Supplied material >>
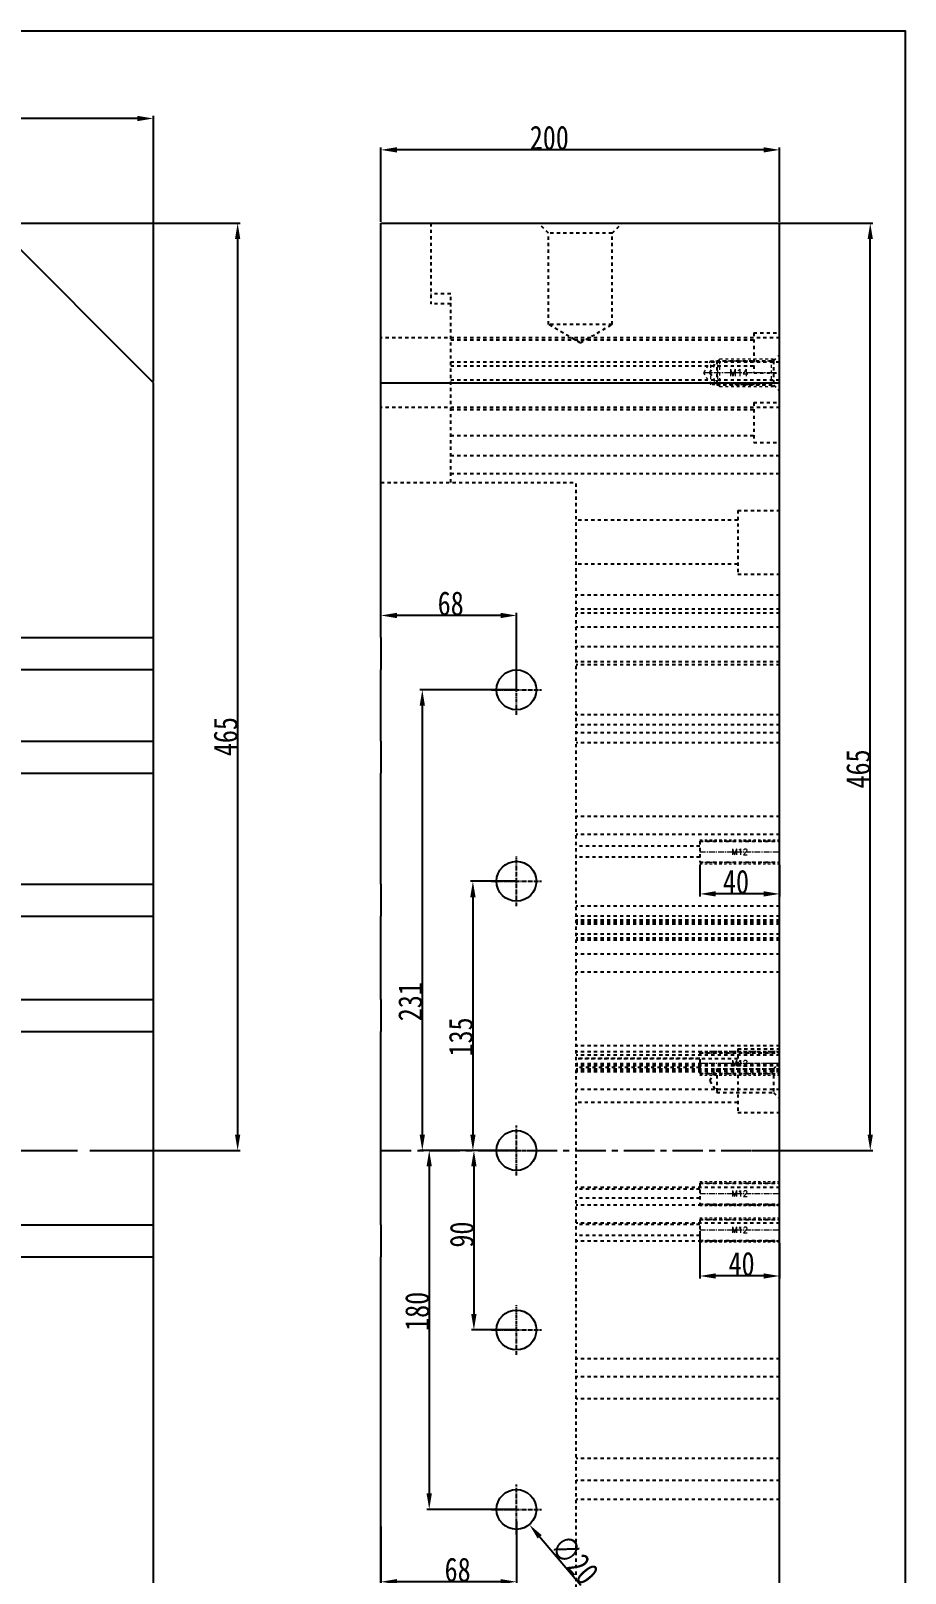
# Model space of a CAD drawing. Header units: millimetres. Extents: x 2673 to 5721, y -10743 to 3474.
# Drawn here: x 4145 to 4583, y -4888 to -4115 of the extents above; entities that cross this region are included whole.
import ezdxf
from ezdxf.enums import TextEntityAlignment as Align

# ---------------------------------------------------------------- set-up
doc = ezdxf.new("R2010")
doc.units = ezdxf.units.MM
doc.header["$LTSCALE"] = 16.335
doc.header["$PDMODE"] = 3
doc.header["$PDSIZE"] = 0.3125
doc.linetypes.add('CENTER', pattern=[0.6, 0.375, -0.075, 0.075, -0.075])
doc.linetypes.add('HIDDEN', pattern=[0.2, 0.1, -0.1])
doc.layers.get('0').update_dxf_attribs({"linetype": 'CONTINUOUS'})
doc.layers.get('Defpoints').update_dxf_attribs({"linetype": 'CONTINUOUS'})
doc.layers.add('DEFAULT_2', color=8, linetype='HIDDEN')
doc.layers.add('screw', color=33, linetype='CONTINUOUS', lineweight=13)
doc.styles.get("Standard").update_dxf_attribs({"font": 'txt', "width": 0.8})
doc.styles.add('TXT', font='txt.shx', dxfattribs={"bigfont": 'gbcbig.shx'})
doc.dimstyles.new('ISO-25', dxfattribs={"dimtxt": 12, "dimasz": 8, "dimexe": 1.25, "dimexo": 0.625, "dimgap": 0, "dimtad": 1, "dimdsep": 46, "dimtxsty": 'Standard', "dimcen": 0, "dimclrd": 4, "dimclre": 4, "dimclrt": 6, "dimazin": 0, "dimtfac": 1, "dimtofl": 0, "dimtmove": 0, "dimatfit": 3, "dimfxl": 0, "dimarcsym": 0})

# ---------------------------------------------------------------- blocks, each defined once
blk = doc.blocks.new('*D638')
at = {"color": 4, "lineweight": -2}
for p, q in [((4320.31, -4210.7), (4320.31, -4173.3)), ((4512.31, -4174.55), (4328.31, -4174.55)), ((4520.31, -4210.7), (4520.31, -4173.3))]:
    blk.add_line(p, q, dxfattribs=at)
at = {"color": 4}
for points in [[(4328.31, -4173.22), (4328.31, -4175.88), (4320.31, -4174.55)], [(4512.31, -4173.22), (4512.31, -4175.88), (4520.31, -4174.55)]]:
    blk.add_solid(points, dxfattribs=at)
at = {"layer": 'Defpoints', "color": 0}
for p in [(4320.31, -4174.55), (4320.31, -4211.32), (4520.31, -4211.32)]:
    blk.add_point(p, dxfattribs=at)
at = {"color": 6, "insert": (4404.79, -4168.55), "char_height": 12, "attachment_point": 5}
blk.add_mtext('200', dxfattribs=at)
blk = doc.blocks.new('*D698')
at = {"color": 4, "lineweight": -2}
for p, q in [((4480.31, -4533.13), (4480.31, -4548.9)), ((4520.31, -4533.13), (4520.31, -4548.9)), ((4512.31, -4547.65), (4488.31, -4547.65))]:
    blk.add_line(p, q, dxfattribs=at)
at = {"color": 4}
for points in [[(4488.31, -4546.31), (4488.31, -4548.98), (4480.31, -4547.65)], [(4512.31, -4546.31), (4512.31, -4548.98), (4520.31, -4547.65)]]:
    blk.add_solid(points, dxfattribs=at)
at = {"layer": 'Defpoints', "color": 0}
for p in [(4480.31, -4532.51), (4520.31, -4532.51), (4480.31, -4547.65)]:
    blk.add_point(p, dxfattribs=at)
at = {"color": 6, "insert": (4498.44, -4541.65), "char_height": 12, "attachment_point": 5}
blk.add_mtext('40', dxfattribs=at)
blk = doc.blocks.new('*D699')
at = {"color": 4, "lineweight": -2}
for p, q in [((4480.31, -4716.76), (4480.31, -4740.5)), ((4520.31, -4722.76), (4520.31, -4740.5)), ((4512.31, -4739.25), (4488.31, -4739.25))]:
    blk.add_line(p, q, dxfattribs=at)
at = {"color": 4}
for points in [[(4488.31, -4737.92), (4488.31, -4740.58), (4480.31, -4739.25)], [(4512.31, -4737.92), (4512.31, -4740.58), (4520.31, -4739.25)]]:
    blk.add_solid(points, dxfattribs=at)
at = {"layer": 'Defpoints', "color": 0}
for p in [(4480.31, -4716.13), (4520.31, -4722.13), (4480.31, -4739.25)]:
    blk.add_point(p, dxfattribs=at)
at = {"color": 6, "insert": (4501.24, -4733.25), "char_height": 12, "attachment_point": 5}
blk.add_mtext('40', dxfattribs=at)
blk = doc.blocks.new('*D768')
at = {"color": 4, "lineweight": -2}
for p, q in [((4481.03, -4211.32), (4567.03, -4211.32)), ((4565.78, -4668.32), (4565.78, -4219.32)), ((4506.58, -4676.32), (4567.03, -4676.32))]:
    blk.add_line(p, q, dxfattribs=at)
at = {"color": 4}
for points in [[(4564.44, -4219.32), (4567.11, -4219.32), (4565.78, -4211.32)], [(4564.44, -4668.32), (4567.11, -4668.32), (4565.78, -4676.32)]]:
    blk.add_solid(points, dxfattribs=at)
at = {"layer": 'Defpoints', "color": 0}
for p in [(4480.4, -4211.32), (4565.78, -4211.32), (4505.96, -4676.32)]:
    blk.add_point(p, dxfattribs=at)
at = {"color": 6, "insert": (4559.78, -4484.99), "char_height": 12, "attachment_point": 5, "rotation": 90}
blk.add_mtext('465', dxfattribs=at)
blk = doc.blocks.new('*D769')
at = {"color": 4, "lineweight": -2}
for p, q in [((4387.69, -4541.32), (4365.21, -4541.32)), ((4366.46, -4549.32), (4366.46, -4668.32)), ((4375.47, -4676.32), (4365.21, -4676.32))]:
    blk.add_line(p, q, dxfattribs=at)
at = {"color": 4}
for points in [[(4365.13, -4549.32), (4367.8, -4549.32), (4366.46, -4541.32)], [(4365.13, -4668.32), (4367.8, -4668.32), (4366.46, -4676.32)]]:
    blk.add_solid(points, dxfattribs=at)
at = {"layer": 'Defpoints', "color": 0}
for p in [(4388.31, -4541.32), (4366.46, -4676.32), (4376.09, -4676.32)]:
    blk.add_point(p, dxfattribs=at)
at = {"color": 6, "insert": (4360.46, -4619.4), "char_height": 12, "attachment_point": 5, "rotation": 90}
blk.add_mtext('135', dxfattribs=at)
blk = doc.blocks.new('*D770')
at = {"color": 4, "lineweight": -2}
for p, q in [((4387.69, -4445.32), (4339.82, -4445.32)), ((4341.07, -4453.32), (4341.07, -4668.32)), ((4353.85, -4676.32), (4339.82, -4676.32))]:
    blk.add_line(p, q, dxfattribs=at)
at = {"color": 4}
for points in [[(4339.74, -4453.32), (4342.41, -4453.32), (4341.07, -4445.32)], [(4339.74, -4668.32), (4342.41, -4668.32), (4341.07, -4676.32)]]:
    blk.add_solid(points, dxfattribs=at)
at = {"layer": 'Defpoints', "color": 0}
for p in [(4388.31, -4445.32), (4341.07, -4676.32), (4354.47, -4676.32)]:
    blk.add_point(p, dxfattribs=at)
at = {"color": 6, "insert": (4335.07, -4601.73), "char_height": 12, "attachment_point": 5, "rotation": 90}
blk.add_mtext('231', dxfattribs=at)
blk = doc.blocks.new('*D771')
at = {"color": 4, "lineweight": -2}
for p, q in [((4387.69, -4676.32), (4365.71, -4676.32)), ((4366.96, -4684.32), (4366.96, -4758.32)), ((4387.69, -4766.32), (4365.71, -4766.32))]:
    blk.add_line(p, q, dxfattribs=at)
at = {"color": 4}
for points in [[(4365.62, -4684.32), (4368.29, -4684.32), (4366.96, -4676.32)], [(4365.62, -4758.32), (4368.29, -4758.32), (4366.96, -4766.32)]]:
    blk.add_solid(points, dxfattribs=at)
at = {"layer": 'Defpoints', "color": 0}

Your instructions >>
Each line in the data that holds the string "linetypes" should be found and copied.

Written reply >>
doc.linetypes.add('CENTER', pattern=[0.6, 0.375, -0.075, 0.075, -0.075])
doc.linetypes.add('HIDDEN', pattern=[0.2, 0.1, -0.1])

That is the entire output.